Les cliniciens et les scientifiques qui connaissent depuis longtemps les tempêtes de cytokines savent aussi que de nombreux facteurs peuvent être impliqués dans leur déclenchement, et que seuls quelques traitements peuvent les ralentir. Maintenant, une équipe de Cincinnati Children's rapporte un succès précoce dans la maîtrise de certaines tempêtes de cytokines en perturbant les signaux émanant des cellules T activées dans notre système immunitaire. 

Des résultats détaillés ont été publiés le 21 janvier 2022 dans Science Immunology. L'étude a trois auteurs principaux : Margaret McDaniel, Aakanksha Jain et Amanpreet Singh Chawla, PhD, tous anciennement avec Cincinnati Children's. L'auteur principal correspondant était Chandrashekhar Pasare, DVM, PhD, professeur, division d'immunobiologie et codirecteur du centre pour l'inflammation et la tolérance à Cincinnati Children's.

"Cette découverte est importante car nous avons montré, chez la souris, que les voies inflammatoires systémiques impliquées dans ce type de tempête de cytokines induites par les lymphocytes T peuvent être atténuées", déclare Pasare. "Des travaux supplémentaires seront nécessaires pour confirmer que l'approche que nous avons utilisée chez la souris peut également être sûre et efficace pour l'homme. Mais maintenant, nous avons un objectif clair à poursuivre.

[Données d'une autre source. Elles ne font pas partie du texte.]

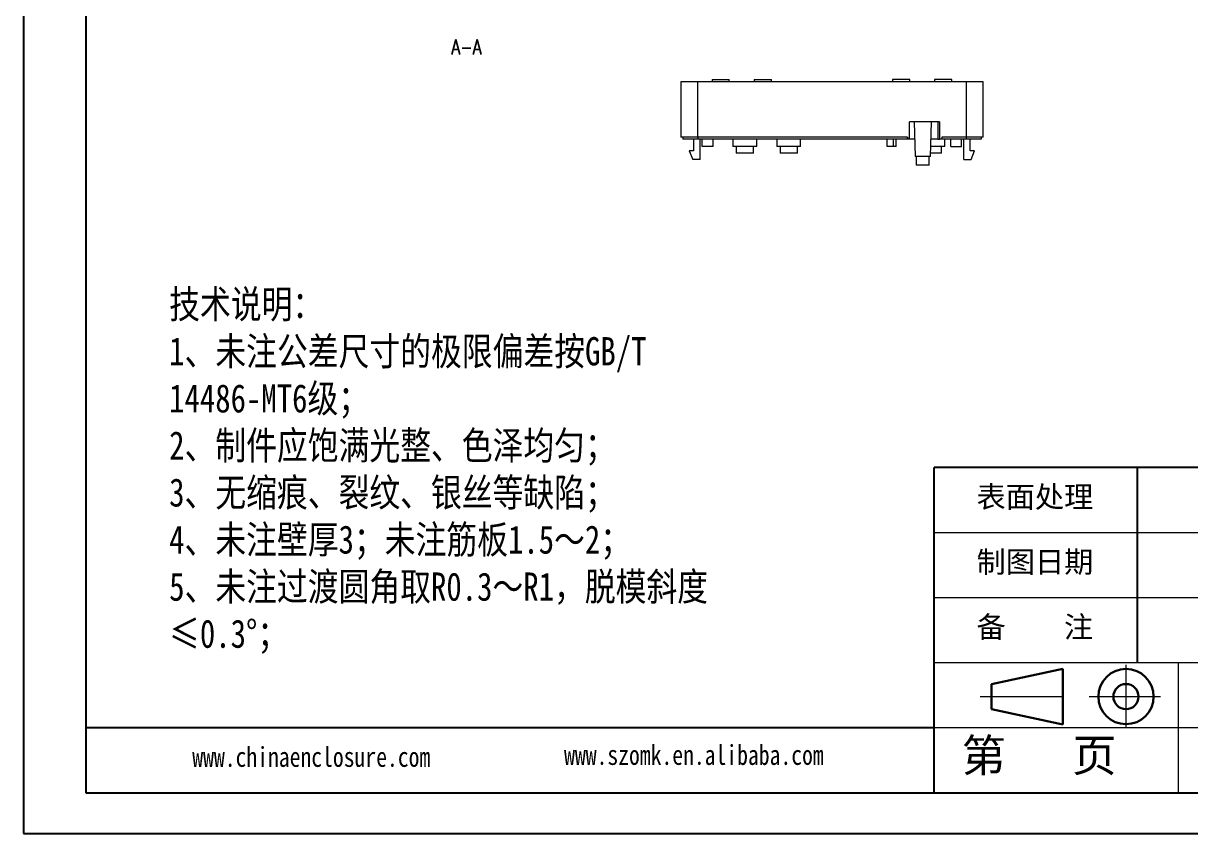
# Model space of a CAD drawing. Header units: inches. Extents: x 1218 to 3351, y 665 to 1060.
# Drawn here: x 1833.5 to 2103.6, y 664.7 to 852.1 of the extents above; entities that cross this region are included whole.
import ezdxf

# ---------------------------------------------------------------- set-up
doc = ezdxf.new("R2010")
doc.units = ezdxf.units.IN
doc.linetypes.add('CENTER2', pattern=[28.575, 19.05, -3.175, 3.175, -3.175])
doc.layers.add('文字', color=81, linetype='Continuous')
for name, color, linetype, lineweight in [('粗实线', 7, 'Continuous', 30), ('细实线', 3, 'Continuous', 9), ('细点划线', 2, 'CENTER2', 9)]:
    doc.layers.add(name, color=color, linetype=linetype, lineweight=lineweight)
doc.styles.add('SLDTEXTSTYLE3', font='TXT', dxfattribs={"width": 0.75, "bigfont": 'bigfont'})
doc.styles.get("Standard").update_dxf_attribs({"font": 'txt', "bigfont": 'gbcbig.shx'})
doc.styles.add('宋体', font='', dxfattribs={"width": 0.8, "height": 3.5})
doc.styles.get('宋体').set_extended_font_data('SimSun')

msp = doc.modelspace()

# ---------------------------------------------------------------- linework, layer by layer
for p, q in [((1833.55, 1059.766), (1833.55, 664.72)), ((1848.007, 1050.36), (1848.007, 674.126)), ((1833.55, 847.612), (1833.55, 664.72)), ((2157.111, 749.373), (2044.241, 749.373)), ((2044.241, 674.126), (2044.241, 749.373)), ((2091.27, 704.225), (2091.27, 749.373)), ((2044.241, 689.175), (1848.007, 689.175)), ((1848.007, 674.126), (2382.851, 674.126)), ((1833.55, 664.72), (2392.257, 664.72)), ((1833.55, 664.72), (2092.21, 664.72))]:
    msp.add_line(p, q)
at = {"color": 7, "linetype": 'Continuous', "lineweight": 15}
for p, q in [((1985.609, 838.636), (1985.609, 825.836)), ((1989.494, 838.636), (1985.609, 838.636)), ((1989.494, 838.636), (1989.494, 825.836)), ((2051.723, 838.636), (1989.494, 838.636)), ((1992.859, 839.136), (1992.859, 838.636)), ((1992.859, 839.136), (1996.859, 839.136)), ((1996.859, 838.636), (1996.859, 839.136)), ((2002.609, 839.136), (2002.609, 838.636)), ((2002.609, 839.136), (2006.609, 839.136)), ((2006.609, 838.636), (2006.609, 839.136)), ((2034.609, 839.136), (2034.609, 838.636)), ((2038.609, 839.136), (2034.609, 839.136)), ((2038.609, 838.636), (2038.609, 839.136)), ((2044.359, 839.136), (2044.359, 838.636)), ((2048.359, 839.136), (2044.359, 839.136)), ((2048.359, 838.636), (2048.359, 839.136)), ((2051.723, 825.836), (2051.723, 838.636)), ((2055.609, 838.636), (2051.723, 838.636)), ((2055.609, 825.836), (2055.609, 838.636)), ((2045.495, 829.336), (2038.562, 829.336)), ((2038.562, 825.336), (2038.562, 829.336)), ((2039.609, 829.336), (2039.818, 821.336)), ((2043.399, 821.336), (2043.609, 829.336)), ((2045.495, 829.336), (2045.495, 825.336)), ((1989.494, 825.836), (1985.609, 825.836)), ((1986.109, 825.836), (1986.109, 825.336)), ((1989.606, 825.336), (1986.109, 825.336)), ((1988.609, 825.336), (1988.609, 822.636)), ((2038.066, 825.836), (1989.494, 825.836)), ((1989.606, 825.836), (1989.606, 825.336)), ((2038.023, 825.336), (1989.606, 825.336)), ((1990.109, 820.636), (1990.109, 825.336)), ((1990.609, 823.636), (1990.609, 825.336)), ((1993.109, 823.636), (1990.609, 823.636)), ((1993.109, 823.636), (1993.109, 825.336)), ((1997.688, 825.336), (1997.688, 823.636)), ((2003.188, 823.636), (1997.688, 823.636)), ((1998.438, 823.636), (1998.438, 822.136)), ((2002.438, 822.136), (2002.438, 823.636)), ((2003.188, 823.636), (2003.188, 825.336)), ((2007.859, 825.336), (2007.859, 823.636)), ((2013.359, 823.636), (2007.859, 823.636)), ((2008.609, 823.636), (2008.609, 822.136)), ((2012.609, 822.136), (2012.609, 823.636)), ((2013.359, 823.636), (2013.359, 825.336)), ((2033.359, 823.636), (2033.359, 825.336)), ((2034.859, 823.636), (2033.359, 823.636)), ((2034.859, 823.636), (2034.859, 825.336)), ((2035.457, 823.636), (2034.859, 823.636)), ((2035.457, 823.636), (2035.457, 825.336)), ((2038.023, 825.836), (2038.023, 825.336)), ((2038.066, 825.336), (2038.023, 825.336)), ((2038.066, 825.836), (2038.066, 825.336)), ((2038.562, 825.336), (2038.066, 825.336)), ((2039.713, 825.336), (2038.562, 825.336)), ((2046.688, 823.636), (2043.459, 823.636)), ((2045.095, 825.336), (2043.504, 825.336)), ((2045.095, 825.336), (2045.495, 825.336)), ((2045.989, 825.336), (2045.495, 825.336)), ((2045.938, 822.136), (2045.938, 823.636)), ((2051.612, 825.336), (2045.945, 825.336)), ((2051.723, 825.836), (2045.989, 825.836)), ((2045.989, 825.836), (2045.989, 825.336)), ((2046.688, 823.636), (2046.688, 825.336)), ((2048.109, 823.636), (2048.109, 825.336)), ((2048.109, 823.636), (2050.609, 823.636)), ((2050.609, 823.636), (2050.609, 825.336)), ((2051.109, 820.636), (2051.109, 825.336)), ((2051.612, 825.836), (2051.612, 825.336)), ((2055.109, 825.336), (2051.612, 825.336)), ((2055.609, 825.836), (2051.723, 825.836)), ((2052.609, 822.636), (2052.609, 825.336)), ((2055.109, 825.836), (2055.109, 825.336)), ((1987.609, 822.636), (1988.409, 820.636)), ((1988.609, 822.636), (1987.609, 822.636)), ((2002.438, 822.136), (1998.438, 822.136)), ((2012.609, 822.136), (2008.609, 822.136)), ((2043.399, 821.336), (2039.818, 821.336)), ((2040.109, 821.336), (2040.109, 819.336)), ((2043.109, 819.336), (2043.109, 821.336)), ((2045.938, 822.136), (2043.42, 822.136)), ((2053.609, 822.636), (2052.609, 822.636)), ((2052.809, 820.636), (2053.609, 822.636)), ((1990.109, 820.636), (1988.409, 820.636)), ((2043.109, 819.336), (2040.109, 819.336)), ((2051.109, 820.636), (2052.809, 820.636))]:
    msp.add_line(p, q, dxfattribs=at)
at = {"color": 8, "linetype": 'Continuous', "lineweight": 15}
msp.add_line((2045.095, 829.336), (2045.095, 825.336), dxfattribs=at)
at = {"layer": '粗实线', "color": 7}
for p, q in [((2073.984, 702.817), (2057.54, 699.331)), ((2073.984, 702.817), (2073.984, 689.929)), ((2057.54, 699.331), (2057.54, 693.516)), ((2057.54, 693.516), (2073.984, 689.929))]:
    msp.add_line(p, q, dxfattribs=at)
for radius in [6.393, 2.908]:
    msp.add_circle((2088.619, 696.424), radius, dxfattribs=at)
at = {"layer": '细实线', "color": 7}
for p, q in [((2157.111, 734.323), (2044.241, 734.323)), ((2157.111, 719.274), (2044.241, 719.274)), ((2382.851, 704.225), (2044.241, 704.225)), ((2100.676, 704.225), (2100.676, 674.126)), ((2157.111, 689.175), (2044.241, 689.175))]:
    msp.add_line(p, q, dxfattribs=at)
at = {"layer": '细点划线', "color": 7}
for p, q in [((2088.619, 703.783), (2088.619, 689.175)), ((2054.918, 696.424), (2075.243, 696.424)), ((2080.069, 696.424), (2096.592, 696.424))]:
    msp.add_line(p, q, dxfattribs=at)

# ---------------------------------------------------------------- texts
at = {"color": 0, "linetype": 'Continuous', "lineweight": 0, "insert": (1936.065, 848.404), "char_height": 3.5, "attachment_point": 2, "style": 'SLDTEXTSTYLE3'}
msp.add_mtext('A-A', dxfattribs=at)
at = {"char_height": 4.94924, "width": 2812.89994, "attachment_point": 1}
for s, insert in [('{\\fSimHei|b0|i0|c134|p49;表面处理}', (2054.056, 745.102)), ('{\\fSimHei|b0|i0|c134|p49;制图日期}', (2054.056, 730.052)), ('{\\fSimHei|b0|i0|c134|p49;备    注}', (2054.056, 715.003))]:
    msp.add_mtext(s, dxfattribs=dict(at, insert=insert))
at = {"layer": '文字', "color": 0, "attachment_point": 1, "style": '宋体'}
for s, insert, char_height, width in [('{\\H1.111x;技术说明：\\P1、未注公差尺寸的极限偏差按GB/T 14486-MT6级；\\P2、制件应饱满光整、色泽均匀；\\P3、无缩痕、裂纹、银丝等缺陷；\\P4、未注壁厚3；未注筋板1.5～2；\\P5、未注过渡圆角取R0.3～R1，脱模斜度≤0.3%%D；}', (1867.282, 790.451), 5.87866, 132.41322), ('www.chinaenclosure.com', (1872.628, 684.771), 4.59842, 80.78975), ('www.szomk.en.alibaba.com', (1958.638, 685.227), 4.59842, 80.78975)]:
    msp.add_mtext(s, dxfattribs=dict(at, insert=insert, char_height=char_height, width=width))
at = {"layer": '细实线', "color": 7, "insert": (2050.572, 686.589), "char_height": 7.52468, "width": 56.4351, "attachment_point": 1}
msp.add_mtext('{\\fSimSun|b0|i0|c134|p54;第   页}', dxfattribs=at)

doc.saveas('drawing.dxf')

Qu'est-ce qu'une tempête de cytokines ?

Les cytokines sont de minuscules protéines sécrétées par pratiquement tous les types de cellules. Des dizaines de cytokines connues remplissent un éventail de fonctions vitales et normales. Dans le système immunitaire, les cytokines aident à guider les lymphocytes T et d'autres cellules immunitaires pour attaquer et éliminer les virus et bactéries envahissants ainsi que pour combattre le cancer.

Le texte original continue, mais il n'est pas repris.